Battle of Dol Guldur


The Battle of Dol Guldur, or Fall of Dol Guldur, was one of the battles of the north fought during the War of the Ring. The Elves of Lothlórien and Mirkwood decided to attack and destroy the last remaining fortress of Sauron's servants in Rhovanion: Dol Guldur. The Nazgûl who guarded the castle...




lotr.fandom.com






It does seem to imply the forest had not been cleansed nor Dol Guldor until after it was taken by the elves and Galadriel finished it off by destroying the towers. I'll have a look at the sources hopefully tomorrow.


----------



## Olorgando (Feb 1, 2021)

Alcuin said:


> ... Three times Lórien had been assailed from Dol Guldur… [T]he assaults were driven back; …​


However Galadriel's probably Nenya-enhanced defensive powers worked (JRRT very sensibly refuses to give the slightest "technical detail", as he had refused to do for the probable predecessor in many ways, the Girdle of Melian - which must have been vastly more effective, as Melian was probably one of the most powerful Maia, surpassing even First-Age Sauron), the assaults were certainly (also) driven back by more mundane measures, meaning weaponry. Those great war-bows of Lórien. To quote from the penultimate chapter of "Fellowship":

"Suddenly the great bow of Lórien sang. Shrill went the arrow from the elven-string. Frodo looked up. Almost above him the winged shape swerved. There was a harsh croaking scream, as it fell out of the air, vanishing down into the gloom of the eastern shore."

Now I'm sure the Lothlórien Elves had a lot more practice with their bows than Legolas had, only receiving his from Galadriel as the Fellowship left. The assaults on Lórien by Dol Guldur must have gotten increasingly desperate (maybe a "they *must* be running out of arrows!" delusion). And since all eight remaining Nazgûl flamed out at the destruction of Barad-dûr, that event destroyed the commander that Alcuin surmises for Dol Guldur, Khamûl.

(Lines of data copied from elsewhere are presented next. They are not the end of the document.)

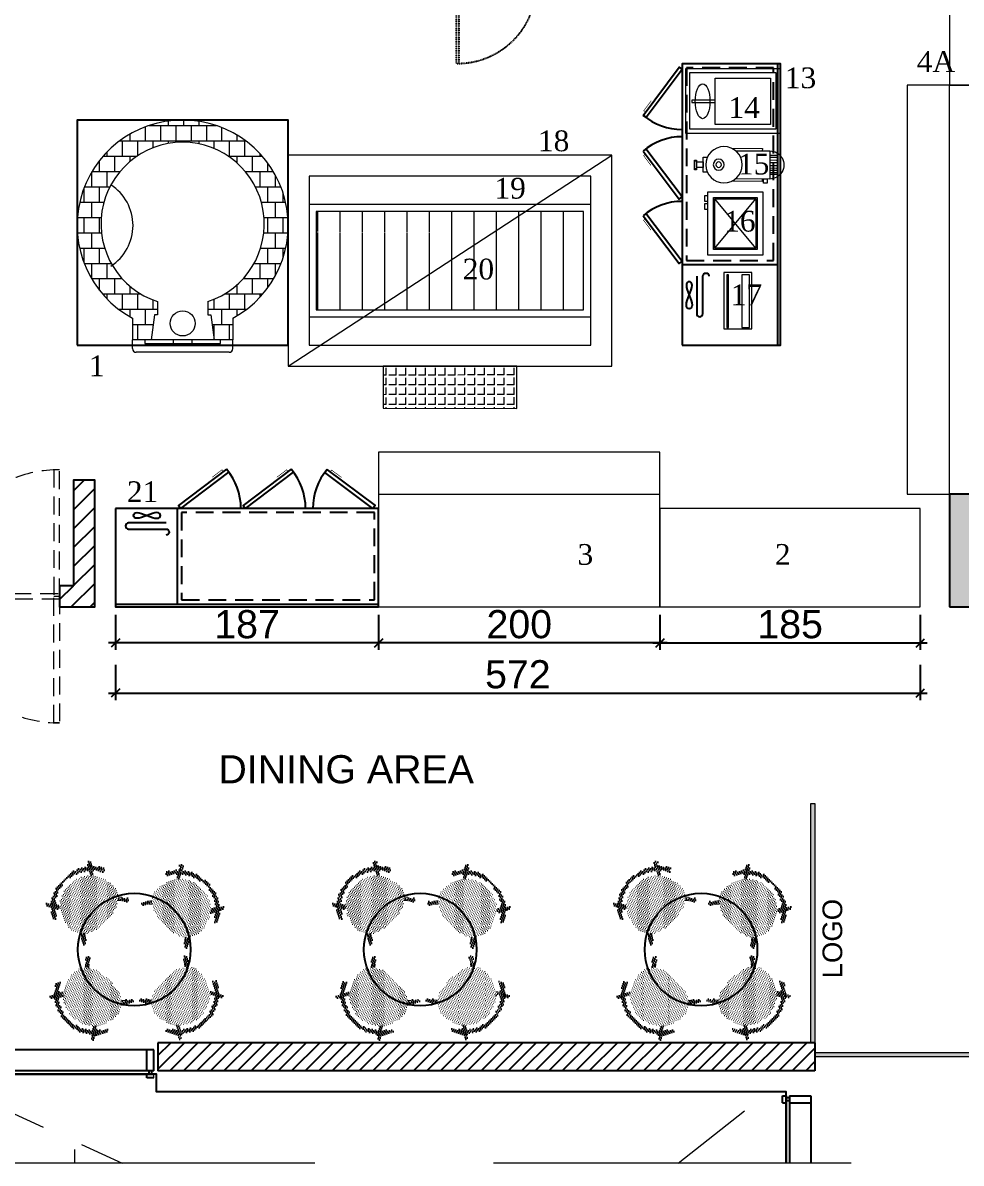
# Model space of a CAD drawing. Header units: millimetres. Extents: x 60271 to 65257, y 2062 to 12046.
# Drawn here: x 61209 to 61876, y 10680 to 11491 of the extents above; entities that cross this region are included whole.
import ezdxf

# ---------------------------------------------------------------- set-up
doc = ezdxf.new("R2010")
doc.units = ezdxf.units.MM
for name, pattern in [('ACAD_ISO07W100', [3, 0, -3]), ('DASHED', [19.05, 12.7, -6.35]), ('DGN Style 1', [9692.577647, 16.127417, -9676.45023]), ('HIDDENX2', [19.05, 12.7, -6.35]), ('OUT LINE BUILDING$0$( Border )', [21, 6, -3, 6, -3, 0, -3])]:
    doc.linetypes.add(name, pattern=pattern)
for name, color, linetype in [('002 Çizgi', 7, 'Continuous'), ('A2-1-00-000 - Level 18', 1, 'Continuous'), ('A2-1-00-000 - Level 8', 1, 'Continuous'), ('COLUMNS', 8, 'Continuous'), ('RENDER', 5, 'Continuous'), ('t_yazi', 144, 'Continuous')]:
    doc.layers.add(name, color=color, linetype=linetype)
for name, color, linetype, lineweight in [('1 LI object floor plan', 8, 'Continuous', 18), ('312M_Mutfak1', 163, 'Continuous', 18), ('FURNITURE', 134, 'Continuous', 25), ('HIDDEN', 8, 'OUT LINE BUILDING$0$( Border )', 13), ('m345', 7, 'Continuous', 5), ('p_mutfak ekipmanları', 167, 'Continuous', 9), ('p_tarama', 251, 'Continuous', 15), ('S2000-002 Çizgi', 7, 'Continuous', 5), ('S2000-002 Çizgi_1', 7, 'Continuous', 5), ('t_mutfak ekipmanları', 167, 'Continuous', 18), ('TXT', 3, 'Continuous', 25)]:
    doc.layers.add(name, color=color, linetype=linetype, lineweight=lineweight)
doc.layers.add('2 F oak 52', color=7, linetype='Continuous', true_color=0xf6d39b)
doc.layers.add('WINDOW', color=7, linetype='Continuous', true_color=0x0059b3)
doc.layers.add('2 FL shadow 5', color=251, linetype='Continuous', lineweight=9, true_color=0x505050)
doc.layers.add('b-furn_Pen_No__118', color=7, linetype='Continuous', lineweight=13, true_color=0x573938)
doc.styles.add('olcu', font='arial.ttf')
doc.styles.add('SAS', font='sanss___.ttf')
doc.styles.add('YAZI', font='times.ttf', dxfattribs={"height": 11})
doc.dimstyles.new('olcu50', dxfattribs={"dimtxt": 20, "dimasz": 6, "dimexe": 5, "dimexo": 0, "dimgap": 3, "dimtad": 1, "dimdec": 0, "dimzin": 12, "dimdsep": 46, "dimtxsty": 'olcu', "dimblk": 'OBLIQUE', "dimcen": 0, "dimdle": 5, "dimclrd": 256, "dimclre": 256, "dimclrt": 256, "dimadec": 0, "dimazin": 0, "dimtfac": 1, "dimtdec": 0, "dimtix": 1, "dimtmove": 2, "dimatfit": 2, "dimfxl": 20, "dimfxlon": 1, "dimtolj": 1, "dimtzin": 0, "dimarcsym": 0})
pattern_1 = [(2e-15, (-15036.3138, -9809.6434), (0.67865625, 1.3573125), [0, -1.3573125])]

# ---------------------------------------------------------------- blocks, each defined once
blk = doc.blocks.new('chr4')
at = {"layer": '2 F oak 52'}
h = blk.add_hatch(dxfattribs=at)
h.set_pattern_fill('DOTS', color=256, scale=0.855, style=0)
h.set_pattern_definition(pattern_1)
h.paths.add_polyline_path([(11054.44, -2964.74, 0.285475), (11028.79, -2979.46, 0.388251), (11031.16, -2981.84, -0.278738), (11054.44, -2967.11, -0.278738), (11077.71, -2981.84, 0.388251), (11080.09, -2979.46, 0.285475)])
h.paths.add_polyline_path([(11073.37, -2975.58, 0.027312), (11071.28, -2973.57), (11069.64, -2976.14, -0.028203), (11071.49, -2978.53)], flags=17)
h.paths.add_polyline_path([(11074.1, -2969.16), (11072.98, -2970.91, -0.025782), (11075.13, -2972.83), (11076.49, -2970.71, 0.990533)], flags=17)
h.paths.add_polyline_path([(11039.24, -2976.14), (11037.59, -2973.57, 0.027312), (11035.5, -2975.58), (11037.38, -2978.53, -0.028203)], flags=17)
h.paths.add_polyline_path([(11034.78, -2969.16, 0.990533), (11032.38, -2970.71), (11033.74, -2972.83, -0.025782), (11035.89, -2970.91)], flags=17)
h.paths.add_polyline_path([(11072.8, -3001.59, -0.035026), (11071.14, -3003.2), (11072.74, -3005.15, -0.379521), (11074.39, -3003.69)])
h.paths.add_polyline_path([(11075.79, -3004.45, 1.067653), (11073.12, -3006.42), (11075.23, -3008.92, 0.000668), (11075.23, -3008.92, 0.012703), (11075.28, -3008.97, 0.945767), (11077.4, -3007.07)])
h.paths.add_polyline_path([(11037.74, -3003.2, -0.035026), (11036.07, -3001.59), (11034.49, -3003.69, -0.379521), (11036.14, -3005.15)])
h.paths.add_polyline_path([(11033.09, -3004.45), (11031.47, -3007.07, 0.971423), (11033.65, -3008.92), (11035.76, -3006.42, 1.067653)])
at = {"layer": '2 FL shadow 5'}
h = blk.add_hatch(dxfattribs=at)
h.set_pattern_fill('DOTS', color=256, scale=0.855, style=0)
h.set_pattern_definition(pattern_1)
edge = h.paths.add_edge_path()
edge.add_arc((11055.46, -2932.26), 75.23, 263.37776, 269.2231)
edge.add_arc((11053.42, -2932.26), 75.23, 270.7769, 276.62224)
edge.add_arc((11060.51, -2990.55), 16.52, 275.48954, 321.47601)
edge.add_arc((11065.05, -2993.31), 11.27, 318.08733, 355.51549)
edge.add_arc((11048.08, -2994.2), 28.2, 0.02527, 25.99628)
edge.add_arc((11049.38, -2993.75), 26.84, 26.33514, 40.99392)
edge.add_arc((11054.44, -2993.55), 23.12, 48.88791, 90)
edge.add_arc((11054.44, -2993.55), 23.12, 90, 131.11209)
edge.add_arc((11059.5, -2993.75), 26.84, 139.00608, 153.66486)
edge.add_arc((11060.79, -2994.2), 28.2, 154.00372, 179.97473)
edge.add_arc((11043.83, -2993.31), 11.27, 184.48451, 221.91267)
edge.add_arc((11048.36, -2990.55), 16.52, 218.52399, 264.51046)
at = {"layer": '1 LI object floor plan'}
for p, q in [((11034.49, -3003.69), (11036.07, -3001.59)), ((11036.14, -3005.15), (11037.74, -3003.2)), ((11072.74, -3005.15), (11071.14, -3003.2)), ((11074.39, -3003.69), (11072.8, -3001.59))]:
    blk.add_line(p, q, dxfattribs=at)
for centre, start, end in [((11053.46, -2992.73), 128.8296, 134.73699), ((11055.42, -2992.73), 45.26301, 51.1704)]:
    blk.add_arc(centre, 28.01, start, end, dxfattribs=at)
blk = doc.blocks.new('vcc33423c42')
at = {"linetype": 'ACAD_ISO07W100', "ltscale": 0.02}
for p, q in [((678441.95, -129498.74), (678441.95, -129442.74)), ((678443.95, -129498.74), (678443.95, -129442.74))]:
    blk.add_line(p, q, dxfattribs=at)
for p, q in [((678483.06, -129491.4), (678484.57, -129489.78)), ((678453.66, -129512.75), (678491.51, -129512.75)), ((678491.51, -129512.75), (678491.51, -129540.05)), ((678461.85, -129518.21), (678485.26, -129518.21)), ((678485.26, -129518.21), (678485.26, -129531.86)), ((678458.25, -129556.66), (678456.65, -129552.48)), ((678460.67, -129554.45), (678456.65, -129552.48)), ((678470.46, -129552.82), (678472.1, -129548.65)), ((678472.1, -129552.82), (678470.46, -129552.82)), ((678473.74, -129552.82), (678472.1, -129548.65)), ((678472.1, -129563.29), (678472.1, -129552.82)), ((678473.74, -129552.82), (678472.1, -129552.82)), ((678482.22, -129553.65), (678485.95, -129551.17)), ((678483.56, -129554.59), (678482.22, -129553.65)), ((678484.91, -129555.53), (678485.95, -129551.17)), ((678459.46, -129555.56), (678458.25, -129556.66)), ((678460.67, -129554.45), (678459.46, -129555.56)), ((678466.52, -129563.29), (678459.46, -129555.56)), ((678477.57, -129563.18), (678483.56, -129554.59)), ((678484.91, -129555.53), (678483.56, -129554.59))]:
    blk.add_line(p, q)
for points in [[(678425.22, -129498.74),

Supreme commander destroyed. Garrison commander destroyed. Those nasties that turned unnumbered of your fellow-combatants into Orc-pincushions even when those two biggies were still around now descending on your badly-depleted garrison in a decidedly non-forgiving mood. What's a self-respecting non-suicidal Orc to do? (I realize that both hyphenated adjectives are highly dubious in the light of JRRT's writings, but at least some low-level commanders - think Shagrat and Gorbag at the end of The Two Towers - were capable of a bit of rational thinking, sometimes. Not that it did them a whole lot of good, as Sam noticed quite a few pages later.)


----------



## Akhôrahil (Feb 2, 2021)

1stvermont said:


> So without consulting myself LOTR or the Peoples [both downstairs I am really lazy] and trusting in a quick google search which can never lead anyone astray, it seems others interpret the following to describe a battle.
> 
> ''They _took _Dol Guldur, and Galadriel threw down its walls and laid bare its pits, and the forest was cleansed.''
> 
> ...


I have to damit that I also sometimes use the internet as a starting point to determine in which works of Tolkien and in which chapters I could start to look things up. I recommend to use henneth-annun.net , because it contains almost exclusively quotes from Tolkien's works that are organized in a systematical manner and because it has a search function and links to related entries. I have also been happy with the Encyclopedia of Arda, but some entries are very short and so not contain many things that could be found about the subject in Tolkien's works. I recommend not to rely on lotr.fandom and not to rely on Tolkien Gateway. Both contain rephrased content that often does not contain references and is sometimes wrong. I also recommend not to rely on the articles or books by Codex Regius (= Lalaith = Andreas Möhn), because the references are not very detailed (e.g. no page numbers, not even the numbers of footnotes or of titles of sections within a chapter, no references to which "Book" and chapter in The Fellowship of the Ring, The Two Towers or The Return of the King), which makes it more diffcult to check claims that are made in them and because the references are ain the form of abbreviations that are not always easily self-explanatory or dass to remember. In addition, some claims have been impossible to find in the sources which are indicated as a reference there (.e.g the existence of two descendants of classical Adunaic in Middle-earth, which would means a second descendant other than Westron and basing that on the Notion Club Papers).


----------



## 1stvermont (Feb 2, 2021)

Akhôrahil said:


> I have to damit that I also sometimes use the internet as a starting point to determine in which works of Tolkien and in which chapters I could start to look things up. I recommend to use henneth-annun.net , because it contains almost exclusively quotes from Tolkien's works that are organized in a systematical manner and because it has a search function and links to related entries. I have also been happy with the Encyclopedia of Arda, but some entries are very short and so not contain many things that could be found about the subject in Tolkien's works. I recommend not to rely on lotr.fandom and not to rely on Tolkien Gateway. Both contain rephrased content that often does not contain references and is sometimes wrong. I also recommend not to rely on the articles or books by Codex Regius (= Lalaith = Andreas Möhn), because the references are not very detailed (e.g. no page numbers, not even the numbers of footnotes or of titles of sections within a chapter, no references to which "Book" and chapter in The Fellowship of the Ring, The Two Towers or The Return of the King), which makes it more diffcult to check claims that are made in them and because the references are ain the form of abbreviations that are not always easily self-explanatory or dass to remember. In addition, some claims have been impossible to find in the sources which are indicated as a reference there (.e.g the existence of two descendants of classical Adunaic in Middle-earth, which would means a second descendant other than Westron and basing that on the Notion Club Papers).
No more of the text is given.